I say to you that the VCR is to the American film producer and the American public as the Boston strangler is to the woman home alone. ...
Movies are the single most recorded program type accounting for approximately 30 percent of all the recorded minutes. Now, what I am about to read you now boggles my mind and it is going to boggle the mind of everybody in the movie and television business in this city. If 56 of the 93 movies recordings made by the 250 households during the first 3 days of a diary week -- just 56 of those movies are saved for the shelf and for additional playback -- then the number of movies collected in a year by the Nation's 2.4 million VCR households, only 2.4 million, the number of movies collected would be 6,537,216. At a prerecorded purchase of $50, they would have a retail value of $3.2 billion.

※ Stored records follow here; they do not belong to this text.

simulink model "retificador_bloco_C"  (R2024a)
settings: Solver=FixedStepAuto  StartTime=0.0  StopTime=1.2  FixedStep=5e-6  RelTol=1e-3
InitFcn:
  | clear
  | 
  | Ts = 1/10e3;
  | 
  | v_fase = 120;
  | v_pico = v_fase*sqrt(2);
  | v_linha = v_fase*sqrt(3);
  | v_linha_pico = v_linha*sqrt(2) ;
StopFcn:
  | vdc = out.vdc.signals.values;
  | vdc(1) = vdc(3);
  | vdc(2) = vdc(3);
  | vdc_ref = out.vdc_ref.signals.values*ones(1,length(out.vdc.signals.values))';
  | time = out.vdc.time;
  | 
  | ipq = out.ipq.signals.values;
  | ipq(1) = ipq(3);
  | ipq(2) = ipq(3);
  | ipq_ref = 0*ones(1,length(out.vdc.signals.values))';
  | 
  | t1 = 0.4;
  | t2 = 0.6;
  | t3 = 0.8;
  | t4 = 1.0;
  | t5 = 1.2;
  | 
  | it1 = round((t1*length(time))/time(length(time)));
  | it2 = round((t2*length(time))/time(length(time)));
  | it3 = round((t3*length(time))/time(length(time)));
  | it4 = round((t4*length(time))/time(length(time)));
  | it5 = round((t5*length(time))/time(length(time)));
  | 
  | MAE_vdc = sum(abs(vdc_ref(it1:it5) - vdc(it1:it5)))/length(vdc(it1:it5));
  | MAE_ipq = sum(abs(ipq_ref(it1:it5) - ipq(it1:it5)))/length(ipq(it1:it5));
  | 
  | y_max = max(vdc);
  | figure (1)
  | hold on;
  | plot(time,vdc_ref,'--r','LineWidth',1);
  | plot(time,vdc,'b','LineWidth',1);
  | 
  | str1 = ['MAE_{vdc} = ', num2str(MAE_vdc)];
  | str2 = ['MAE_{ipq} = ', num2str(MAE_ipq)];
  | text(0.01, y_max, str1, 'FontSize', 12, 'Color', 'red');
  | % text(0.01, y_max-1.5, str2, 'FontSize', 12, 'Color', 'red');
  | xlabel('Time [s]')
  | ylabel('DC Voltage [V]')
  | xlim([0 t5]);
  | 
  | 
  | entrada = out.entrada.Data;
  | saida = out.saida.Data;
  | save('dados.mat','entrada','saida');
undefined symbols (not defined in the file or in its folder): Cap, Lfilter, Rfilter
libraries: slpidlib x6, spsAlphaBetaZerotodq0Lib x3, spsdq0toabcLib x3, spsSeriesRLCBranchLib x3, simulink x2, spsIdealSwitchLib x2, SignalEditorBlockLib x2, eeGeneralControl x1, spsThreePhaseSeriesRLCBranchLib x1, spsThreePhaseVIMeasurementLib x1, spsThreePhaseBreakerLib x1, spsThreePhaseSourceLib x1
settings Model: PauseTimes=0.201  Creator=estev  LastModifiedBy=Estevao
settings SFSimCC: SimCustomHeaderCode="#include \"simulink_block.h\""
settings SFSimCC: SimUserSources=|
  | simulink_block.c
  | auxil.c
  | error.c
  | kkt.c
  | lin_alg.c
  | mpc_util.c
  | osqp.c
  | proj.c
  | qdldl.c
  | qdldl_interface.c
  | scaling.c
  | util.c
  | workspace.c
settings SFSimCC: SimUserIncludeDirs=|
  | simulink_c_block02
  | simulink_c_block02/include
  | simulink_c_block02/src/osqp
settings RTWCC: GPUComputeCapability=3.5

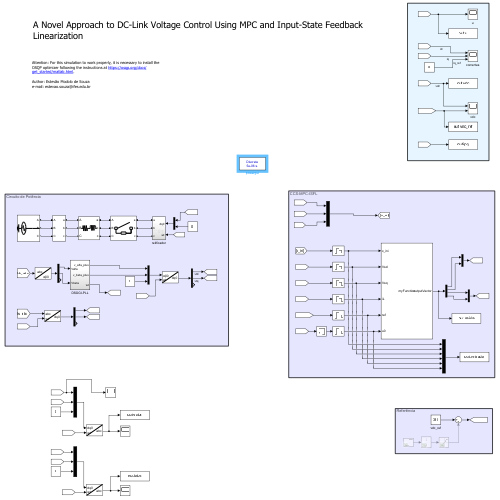
[thumbnail: Simulink's stored preview of the top-level diagram]
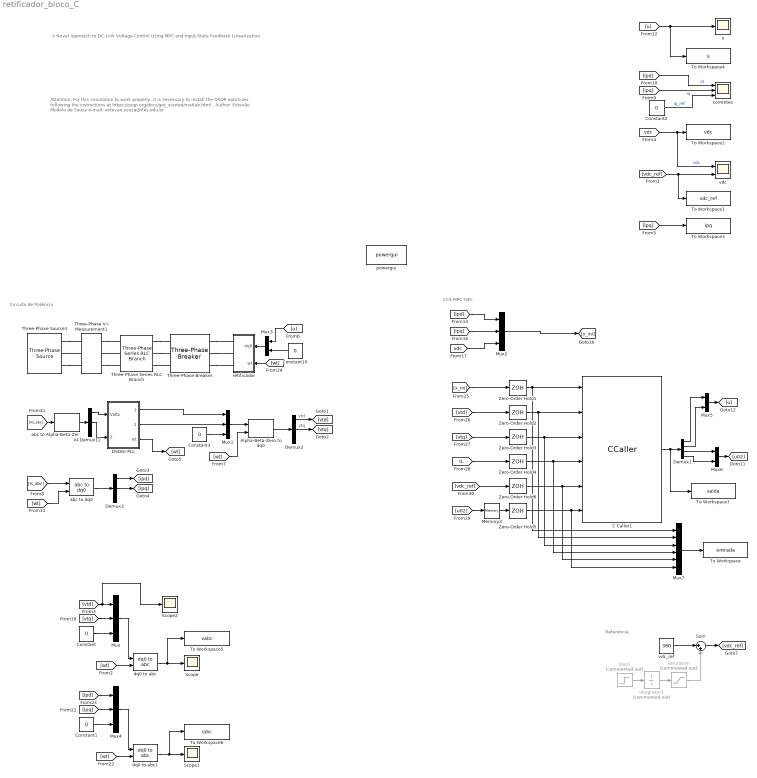
== system retificador_bloco_C ==
  note: Referência
  note: CCS-MPC-ISFL
  note: Attention: For this simulation to work properly, it is necessary to install the OSQP optimizer following the instructions at https://osqp.org/docs/get_started/matlab.html .
      |
      | Author: Estevão Modolo de Souza
      | e-mail: estevao.souza@ifes.edu.br
  note: A Novel Approach to DC-Link Voltage Control Using MPC and Input-State Feedback Linearization
  note: Circuito de Potência
  Alpha-Beta-Zero to dq0 : spsAlphaBetaZerotodq0Lib/Alpha-Beta-Zero to dq0  Alignment=Aligned with phase A axis
  C Caller1 : CCaller  FunctionName=myFunction  PortSpecificationStruct="%)30     .    \" P   8    (     @         %    \"     <    !     0         %  0 \"0    $    _    07)G3F%M90  4&]R=$YA;64 4V-O<&4     26YD97@     5'EP90      4VEZ90      27-';&]B86P   X    X    !@    @    $          4    (     0    4    !         !     %    >%]I;FD    .    .     8    (    !          %    \"     $    %     0         0    !0   'A?:6YI    #@   #@    &    \"     0         !0    @    !  ...(+3771 chars)"  SampleTime=1/10e3
  Constant{,1..3,10} (5 alike) : Constant  Value=0
  DSOGI-PLL : Subsystem
  Demux1 : Demux
  Demux12 : Demux  Outputs=3
  Demux2 : Demux  Outputs=3
  Demux3 : Demux  Outputs=3
  Integrator3 : Integrator  Commented=on
  Memory3 : Memory  InitialCondition=[0;0]
  Mux{,1..2,4} (4 alike) : Mux  Inputs=3
  Mux3 : Mux  Inputs=2
  Mux5 : Mux  Inputs=2
  Mux6 : Mux  Inputs=2
  Mux7 : Mux  Inputs=6
  Saturation : Saturate  Commented=on  UpperLimit=50  LowerLimit=0
  Scope : Scope
  Scope1 : Scope
  Scope2 : Scope
  Step1 : Step  Commented=on  Time=0.5  After=500  SampleTime=0
  Sum : Sum  Inputs=|++
  Three-Phase Series RLC Branch : spsThreePhaseSeriesRLCBranchLib/Three-Phase Series RLC Branch  LConnTagsString=A|B|C  RConnTagsString=A|B|C  BranchType=RL  Resistance=100e-3  Inductance=5e-3  Capacitance=1e-6  Measurements=None
  Three-Phase V-I Measurement1 : spsThreePhaseVIMeasurementLib/Three-Phase V-I Measurement  VoltageMeasurement=phase-to-ground  SetLabelV=on  LabelV=Vs_abc  Vpu=off  VpuLL=off  CurrentMeasurement=yes  SetLabelI=on  LabelI=Is_abc  Ipu=off  Pbase=100e6  Vbase=500e3  OutputType=Complex  PhasorSimulation=off  PSBequivalent=0
  Three-Phase Breaker : spsThreePhaseBreakerLib/Three-Phase Breaker  InitialState=open  SwitchA=on  SwitchB=on  SwitchC=on  SwitchTimes=[0.2]  External=off  BreakerResistance=0.01  SnubberResistance=1e6  SnubberCapacitance=inf  Measurements=None
  Three-Phase Source1 : spsThreePhaseSourceLib/Three-Phase Source  InternalConnection=Yg  VoltagePhases=on  Voltage=220  PhaseAngle=0  Voltage_phases=[120 120 120]  PhaseAngles_phases=[0 -120 +120]  Frequency=50  NonIdealSource=off  SpecifyImpedance=off  Resistance=0.8929  Inductance=16.58e-3  ShortCircuitLevel=100e6  BaseVoltage=25e3  XRratio=7  BusType=swing  Pref=10e3  Qref=0  Prefabc=[10e3, 10e3, 10e3]  Qrefabc=[0, 0, 0]  Qmin=-inf  Qmax=inf
  To Workspace : ToWorkspace  VariableName=entrada  SaveFormat=Timeseries  SampleTime=-1
  To Workspace1 : ToWorkspace  VariableName=vdc_ref  SaveFormat=Structure With Time  SampleTime=-1
  To Workspace2 : ToWorkspace  VariableName=vdc  SaveFormat=Structure With Time  SampleTime=-1
  To Workspace3 : ToWorkspace  VariableName=ipq  SaveFormat=Structure With Time  SampleTime=-1
  To Workspace4 : ToWorkspace  VariableName=u  SaveFormat=Structure With Time  SampleTime=-1
  To Workspace5 : ToWorkspace  VariableName=vabc  SaveFormat=Structure With Time  SampleTime=-1
  To Workspace6 : ToWorkspace  VariableName=iabc  SaveFormat=Structure With Time  SampleTime=-1
  To Workspace7 : ToWorkspace  VariableName=saida  SaveFormat=Timeseries  SampleTime=-1
  Zero-Order Hold{1..6} (6 alike) : ZeroOrderHold  SampleTime=Ts
  abc to Alpha-Beta-Zero1 : spsabctoAlphaBetaZeroLib/abc to Alpha-Beta-Zero
  abc to dq0 : spsabctodq0Lib/abc to dq0  Alignment=Aligned with phase A axis
  correntes : Scope  NumInputPorts=3
  dq0 to abc : spsdq0toabcLib/dq0 to abc  Alignment=Aligned with phase A axis
  dq0 to abc1 : spsdq0toabcLib/dq0 to abc  Alignment=Aligned with phase A axis
  powergui : spspowerguiLib/powergui  Priority=1  SimulationMode=Discrete  SampleTime=5e-6  frequency=60  Iterations=50  frequencyindice=0  Pbase=100e6  ErrMax=1e-4  UnitsV=kV  UnitsW=MW  buscounter=0  FunctionMessages=off  echomessages=off  EnableUseOfTLC=off  CurrentSourceSwitches=off  DisableSnubberDevices=off  DisableRonSwitches=off  DisableVfSwitches=off  DisplayEquations=off  AutomaticDiscreteSolvers=off  SolverType=Tustin/Backward Euler (TBE)  Interpol=off  ExternalGateDelay=off  methode=off  Ts=100  x0status=blocks  SPID=on  SwTol=0  HookPort=off  NonlinearTolerance=1e-4  nMaxIteration=100  ContinueOnMaxIteration=off  RestoreLinks=warning  ResistiveCurrentMeasurement=off  Frange=[0:2:500]  Ylog=off  Xlog=on  ShowGrid=off  save=off  variable=ZData  structure=0  ZoomFFT=off  StartTime=0.0  cycles=1  DisplayStyle=1  fundamental=60  FreqAxis=off  MaxFrequency=1000  frequencyindicesteady=1  RmsSteady=1  display=off
  retificador : Subsystem
  u : Scope
  vdc : Scope  NumInputPorts=2
  vdc_ref : Constant  Value=380
  wires:
  Mux2/1 -> [x_ini]
  Step1/1 -> Integrator3/1
  Integrator3/1 -> Saturation/1
  vdc_ref/1 -> Sum/1
  Saturation/1 -> Sum/2
  [vdc] -> To Workspace2/1, vdc/1  "vdc"
  [ipq] -> To Workspace3/1
  [ipd] -> correntes/1  "id"
  [ipq] -> correntes/2  "iq"
  Constant2/1 -> correntes/3  "iq_ref"
  [u] -> To Workspace4/1, u/1
  [ipd] -> Mux2/1
  [ipq] -> Mux2/2
  [vdc] -> Mux2/3
  Sum/1 -> [vdc_ref]
  [vdc_ref] -> To Workspace1/1, vdc/2
  [wt] -> dq0 to abc/2
  Mux/1 -> dq0 to abc/1
  Constant/1 -> Mux/3
  [vtq] -> Mux/2
  [vtd] -> Scope2/1, Mux/1
  dq0 to abc/1 -> To Workspace5/1, Scope/1
  dq0 to abc1/1 -> To Workspace6/1, Scope1/1
  Constant1/1 -> Mux4/3
  Mux4/1 -> dq0 to abc1/1
  [ipq] -> Mux4/2
  [ipd] -> Mux4/1
  [wt] -> dq0 to abc1/2
  [x_ini] -> Zero-Order Hold1/1
  [vtd] -> Zero-Order Hold2/1
  [vtq] -> Zero-Order Hold3/1
  [iL] -> Zero-Order Hold4/1
  [u02] -> Memory3/1
  Memory3/1 -> Zero-Order Hold5/1
  Zero-Order Hold1/1 -> C Caller1/1, Mux7/1
  Zero-Order Hold2/1 -> C Caller1/2, Mux7/2
  Zero-Order Hold3/1 -> Mux7/3, C Caller1/3
  Zero-Order Hold4/1 -> Mux7/4, C Caller1/4
  Zero-Order Hold5/1 -> Mux7/6, C Caller1/6
  Demux1/2 -> Mux5/2
  Mux5/1 -> [u]
  Demux1/3 -> Mux6/1
  Mux6/1 -> [u02]
  Demux1/4 -> Mux6/2
  Demux1/1 -> Mux5/1
  C Caller1/1 -> To Workspace7/1, Demux1/1
  [vdc_ref] -> Zero-Order Hold6/1
  Zero-Order Hold6/1 -> Mux7/5, C Caller1/5
  [wt] -> Alpha-Beta-Zero to dq0/2
  Demux12/2 -> DSOGI-PLL/2(Vbeta)
  [u] -> Mux3/1
  Constant10/1 -> Mux3/2
  DSOGI-PLL/3(wt) -> [wt]
  Mux3/1 -> retificador/1(dq0)
  DSOGI-PLL/2(v_beta_plus) -> Mux1/2
  [wt] -> retificador/2(wt)
  [wt] -> abc to dq0/2
  Mux1/1 -> Alpha-Beta-Zero to dq0/1
  Demux3/2 -> [ipq]
  [Vs_abc] -> abc to Alpha-Beta-Zero1/1
  abc to Alpha-Beta-Zero1/1 -> Demux12/1
  Demux2/2 -> [vtq]  "vtq"
  Demux2/1 -> [vtd]  "vtd"
  DSOGI-PLL/1(v_alfa_plus) -> Mux1/1
  Demux3/1 -> [ipd]
  Alpha-Beta-Zero to dq0/1 -> Demux2/1
  [Is_abc] -> abc to dq0/1
  Demux12/1 -> DSOGI-PLL/1(Valfa)
  Constant3/1 -> Mux1/3
  abc to dq0/1 -> Demux3/1
  Mux7/1 -> To Workspace/1
  connections:
  Three-Phase Source1/RConn1 -- Three-Phase V-I Measurement1/LConn1
  Three-Phase Source1/RConn3 -- Three-Phase V-I Measurement1/LConn3
  Three-Phase Source1/RConn2 -- Three-Phase V-I Measurement1/LConn2
  Three-Phase Breaker/RConn2 -- retificador/RConn2
  Three-Phase Breaker/RConn3 -- retificador/RConn3
  Three-Phase Series RLC Branch/RConn1 -- Three-Phase Breaker/LConn1
  Three-Phase Series RLC Branch/RConn2 -- Three-Phase Breaker/LConn2
  Three-Phase V-I Measurement1/RConn2 -- Three-Phase Series RLC Branch/LConn2
  Three-Phase Breaker/RConn1 -- retificador/RConn1
  Three-Phase V-I Measurement1/RConn1 -- Three-Phase Series RLC Branch/LConn1
  Three-Phase Breaker/LConn3 -- Three-Phase Series RLC Branch/RConn3
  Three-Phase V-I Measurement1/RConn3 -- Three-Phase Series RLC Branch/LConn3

Mr. Chairman, things like that could make a grown men cry. . . .
By 1990, the Japanese estimate that 30 to 35 million U.S. homes will be equipped with VCR's. VCR owners will buy about 225 million or 300 million blank tapes. But, and here is an explosive political fact, Mr. Chairman, two-thirds of U.S. households will not own VCR's, Mr. Chairman. One-third of VCR households will not be on cable or won't have access to cable. Now, if there is a scarcity of film and television entertainment, it won't be the well-groomed and the well-heeled that will suffer. It is going to be, as always it is, Mr. Chairman, the less-affluent, the disadvantaged people pressed against the wall, out of work, who can't afford these expensive machines, and free television to the sick and the old and the poor will remain the primary source of home entertainment. . . .The loser will be your public because they don't have these expensive machines. And that is what I am saying, sir. The public is the loser when creative property is taken and here is the reason why. The investment of hundreds of millions of dollars each year to produce quality programs to theaters and television will surely decline. ... 
Mr. Chairman, I am done. The public interest is at stake here. It is the public interest that you have by solemn oath sworn to serve because what I am talking about and what the rest of these witnesses are talking about is making it possible for a steady stream of quality entertainment to reach people through their television sets and to keep the incentive and reward mechanism in line so that people can risk great sums of money in this very dicey forum. That is what is at stake, and, finally, the preservation of a huge and valuable trade asset that can't be duplicated by any country in the world.